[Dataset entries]
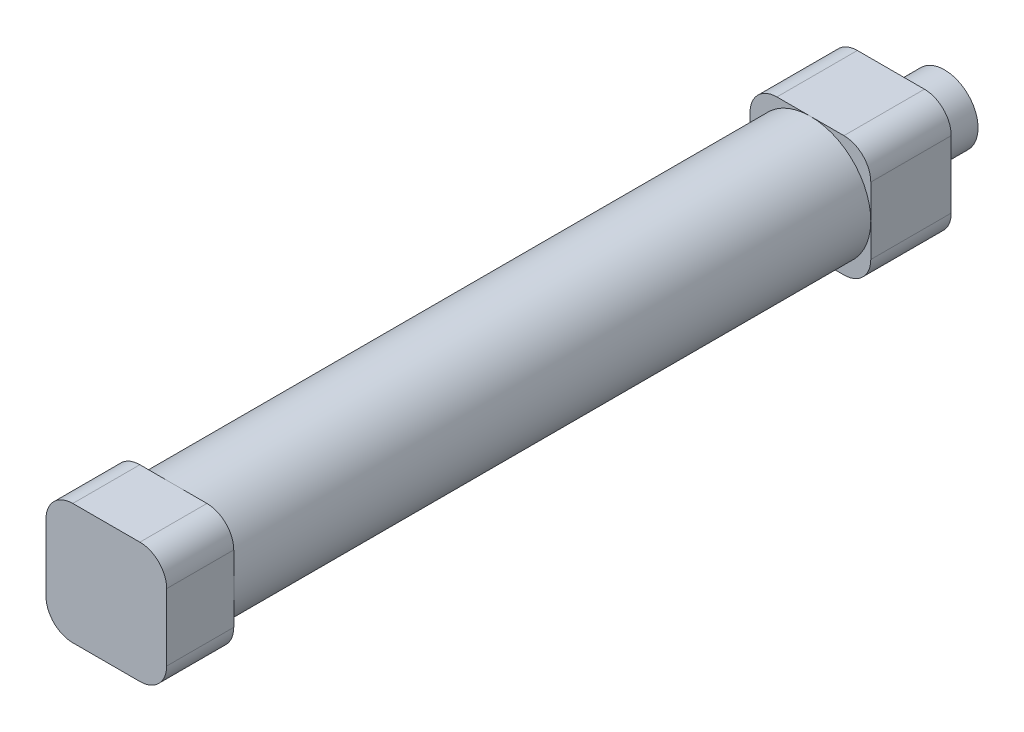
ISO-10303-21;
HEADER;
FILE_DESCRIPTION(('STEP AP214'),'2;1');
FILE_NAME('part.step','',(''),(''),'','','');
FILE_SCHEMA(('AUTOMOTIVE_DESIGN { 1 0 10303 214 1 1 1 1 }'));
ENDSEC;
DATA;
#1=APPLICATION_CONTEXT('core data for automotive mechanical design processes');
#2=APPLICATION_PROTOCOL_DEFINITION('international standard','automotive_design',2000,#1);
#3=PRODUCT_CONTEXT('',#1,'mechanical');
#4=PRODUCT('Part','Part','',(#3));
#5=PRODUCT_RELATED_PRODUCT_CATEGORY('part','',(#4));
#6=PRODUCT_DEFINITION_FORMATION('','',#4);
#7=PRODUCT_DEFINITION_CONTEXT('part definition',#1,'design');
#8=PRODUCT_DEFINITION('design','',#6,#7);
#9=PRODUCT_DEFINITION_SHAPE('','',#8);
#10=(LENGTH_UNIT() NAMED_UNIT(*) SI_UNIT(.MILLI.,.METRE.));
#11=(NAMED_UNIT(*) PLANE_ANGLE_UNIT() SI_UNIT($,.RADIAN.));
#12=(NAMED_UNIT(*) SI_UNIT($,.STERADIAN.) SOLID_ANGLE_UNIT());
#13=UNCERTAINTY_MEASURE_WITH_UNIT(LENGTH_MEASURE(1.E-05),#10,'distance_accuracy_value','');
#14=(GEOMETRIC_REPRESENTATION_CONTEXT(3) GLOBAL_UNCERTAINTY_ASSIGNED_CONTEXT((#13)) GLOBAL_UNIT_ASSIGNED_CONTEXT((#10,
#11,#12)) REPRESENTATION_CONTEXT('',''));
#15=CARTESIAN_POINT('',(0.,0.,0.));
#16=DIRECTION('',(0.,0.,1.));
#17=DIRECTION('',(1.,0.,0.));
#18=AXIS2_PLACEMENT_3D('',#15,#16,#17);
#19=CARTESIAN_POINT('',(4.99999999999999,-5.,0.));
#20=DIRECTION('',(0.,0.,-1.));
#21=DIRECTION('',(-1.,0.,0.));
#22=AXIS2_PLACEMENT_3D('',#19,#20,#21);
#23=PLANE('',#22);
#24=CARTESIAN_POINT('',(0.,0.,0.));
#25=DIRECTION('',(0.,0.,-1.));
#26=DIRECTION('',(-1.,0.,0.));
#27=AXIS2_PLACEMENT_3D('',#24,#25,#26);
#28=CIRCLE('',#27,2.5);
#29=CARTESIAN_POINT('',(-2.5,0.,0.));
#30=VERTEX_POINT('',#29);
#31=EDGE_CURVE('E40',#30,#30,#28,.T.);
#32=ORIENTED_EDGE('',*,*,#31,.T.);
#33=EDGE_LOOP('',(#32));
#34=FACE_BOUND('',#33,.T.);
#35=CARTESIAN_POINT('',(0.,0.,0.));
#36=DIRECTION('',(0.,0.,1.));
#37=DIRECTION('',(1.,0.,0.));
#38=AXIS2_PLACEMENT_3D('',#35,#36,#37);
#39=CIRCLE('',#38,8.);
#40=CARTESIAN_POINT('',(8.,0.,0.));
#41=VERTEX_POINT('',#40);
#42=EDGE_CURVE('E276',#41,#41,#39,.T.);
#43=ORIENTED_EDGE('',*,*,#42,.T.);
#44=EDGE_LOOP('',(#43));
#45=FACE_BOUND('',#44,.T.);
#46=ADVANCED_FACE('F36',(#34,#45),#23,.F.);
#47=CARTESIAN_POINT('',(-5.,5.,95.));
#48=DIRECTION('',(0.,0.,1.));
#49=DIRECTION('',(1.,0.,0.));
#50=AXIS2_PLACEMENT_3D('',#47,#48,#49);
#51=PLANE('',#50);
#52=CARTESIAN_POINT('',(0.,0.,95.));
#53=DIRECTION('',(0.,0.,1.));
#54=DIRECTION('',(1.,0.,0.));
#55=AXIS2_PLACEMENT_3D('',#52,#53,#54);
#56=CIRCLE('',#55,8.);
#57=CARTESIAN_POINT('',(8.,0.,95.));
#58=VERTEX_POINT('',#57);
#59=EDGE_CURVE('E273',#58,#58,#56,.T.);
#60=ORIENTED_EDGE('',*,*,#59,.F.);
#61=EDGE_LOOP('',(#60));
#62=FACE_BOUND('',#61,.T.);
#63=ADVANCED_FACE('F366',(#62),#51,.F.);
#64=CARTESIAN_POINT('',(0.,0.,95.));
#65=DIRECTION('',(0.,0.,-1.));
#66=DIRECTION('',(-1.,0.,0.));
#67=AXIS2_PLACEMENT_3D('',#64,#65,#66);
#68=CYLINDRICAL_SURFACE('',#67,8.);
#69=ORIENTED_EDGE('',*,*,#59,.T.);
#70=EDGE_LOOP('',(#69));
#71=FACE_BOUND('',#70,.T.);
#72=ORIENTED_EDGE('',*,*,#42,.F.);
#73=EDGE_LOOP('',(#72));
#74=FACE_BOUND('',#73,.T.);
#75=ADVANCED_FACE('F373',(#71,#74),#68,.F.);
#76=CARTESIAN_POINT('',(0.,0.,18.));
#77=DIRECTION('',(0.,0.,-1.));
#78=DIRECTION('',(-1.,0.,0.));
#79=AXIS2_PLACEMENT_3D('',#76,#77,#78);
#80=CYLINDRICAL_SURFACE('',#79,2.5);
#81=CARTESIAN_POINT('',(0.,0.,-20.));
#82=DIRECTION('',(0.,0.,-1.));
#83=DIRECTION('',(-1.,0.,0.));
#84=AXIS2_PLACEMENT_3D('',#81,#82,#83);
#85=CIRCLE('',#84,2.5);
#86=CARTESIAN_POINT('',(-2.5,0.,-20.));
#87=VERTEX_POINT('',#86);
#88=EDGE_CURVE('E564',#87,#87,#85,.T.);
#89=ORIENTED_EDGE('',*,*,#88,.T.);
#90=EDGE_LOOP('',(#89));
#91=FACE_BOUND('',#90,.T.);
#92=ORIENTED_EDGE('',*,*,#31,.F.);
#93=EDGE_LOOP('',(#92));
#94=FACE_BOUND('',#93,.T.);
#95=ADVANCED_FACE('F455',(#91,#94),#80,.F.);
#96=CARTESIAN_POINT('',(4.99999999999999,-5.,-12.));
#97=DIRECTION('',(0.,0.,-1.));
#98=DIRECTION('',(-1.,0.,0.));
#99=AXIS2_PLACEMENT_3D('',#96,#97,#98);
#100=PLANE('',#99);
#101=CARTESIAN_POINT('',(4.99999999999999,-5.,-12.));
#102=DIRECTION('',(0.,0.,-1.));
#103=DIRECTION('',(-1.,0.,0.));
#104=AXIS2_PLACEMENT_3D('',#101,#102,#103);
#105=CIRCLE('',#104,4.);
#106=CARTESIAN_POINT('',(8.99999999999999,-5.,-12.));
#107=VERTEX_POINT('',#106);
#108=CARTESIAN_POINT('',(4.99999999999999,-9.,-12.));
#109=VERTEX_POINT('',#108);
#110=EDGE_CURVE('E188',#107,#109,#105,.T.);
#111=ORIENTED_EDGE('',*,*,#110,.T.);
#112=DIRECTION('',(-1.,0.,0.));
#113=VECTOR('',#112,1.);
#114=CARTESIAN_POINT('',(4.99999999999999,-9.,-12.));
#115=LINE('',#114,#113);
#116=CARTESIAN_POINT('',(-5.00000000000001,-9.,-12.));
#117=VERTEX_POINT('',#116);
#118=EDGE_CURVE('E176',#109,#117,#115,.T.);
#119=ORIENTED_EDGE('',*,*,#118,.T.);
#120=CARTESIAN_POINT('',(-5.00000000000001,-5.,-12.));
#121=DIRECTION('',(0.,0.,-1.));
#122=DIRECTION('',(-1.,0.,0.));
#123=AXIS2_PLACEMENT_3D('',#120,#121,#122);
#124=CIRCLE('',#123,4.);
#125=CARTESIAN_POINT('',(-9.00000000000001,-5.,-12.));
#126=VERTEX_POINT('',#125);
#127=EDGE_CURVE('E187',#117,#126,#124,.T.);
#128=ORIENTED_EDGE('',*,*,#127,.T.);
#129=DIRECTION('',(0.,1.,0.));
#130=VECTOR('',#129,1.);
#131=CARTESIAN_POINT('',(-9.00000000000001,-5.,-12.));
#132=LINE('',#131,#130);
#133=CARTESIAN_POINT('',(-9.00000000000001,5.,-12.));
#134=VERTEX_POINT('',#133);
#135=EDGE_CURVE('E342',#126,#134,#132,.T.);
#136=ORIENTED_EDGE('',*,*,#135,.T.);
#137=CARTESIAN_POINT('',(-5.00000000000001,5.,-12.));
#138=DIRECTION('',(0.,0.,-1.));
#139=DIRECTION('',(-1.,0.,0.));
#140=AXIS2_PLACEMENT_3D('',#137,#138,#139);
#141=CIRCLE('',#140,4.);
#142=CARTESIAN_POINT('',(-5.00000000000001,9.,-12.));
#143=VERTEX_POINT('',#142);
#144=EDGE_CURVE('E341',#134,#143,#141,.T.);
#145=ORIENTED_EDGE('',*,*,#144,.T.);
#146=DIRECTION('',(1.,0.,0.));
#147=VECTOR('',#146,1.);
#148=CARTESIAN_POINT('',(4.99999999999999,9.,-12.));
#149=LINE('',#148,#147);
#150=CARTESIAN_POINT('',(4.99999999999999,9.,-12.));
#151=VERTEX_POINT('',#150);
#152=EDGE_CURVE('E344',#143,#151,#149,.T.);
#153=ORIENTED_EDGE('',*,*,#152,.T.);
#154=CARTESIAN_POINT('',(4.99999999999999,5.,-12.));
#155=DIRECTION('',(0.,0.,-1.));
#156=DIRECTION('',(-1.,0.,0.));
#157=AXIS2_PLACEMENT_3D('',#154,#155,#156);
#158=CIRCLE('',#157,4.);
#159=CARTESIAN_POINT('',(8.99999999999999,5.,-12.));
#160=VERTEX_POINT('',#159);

What you need to do: Go through the records, tally the lines holding the word "VECTOR", and give only the tally.

Task solution: 3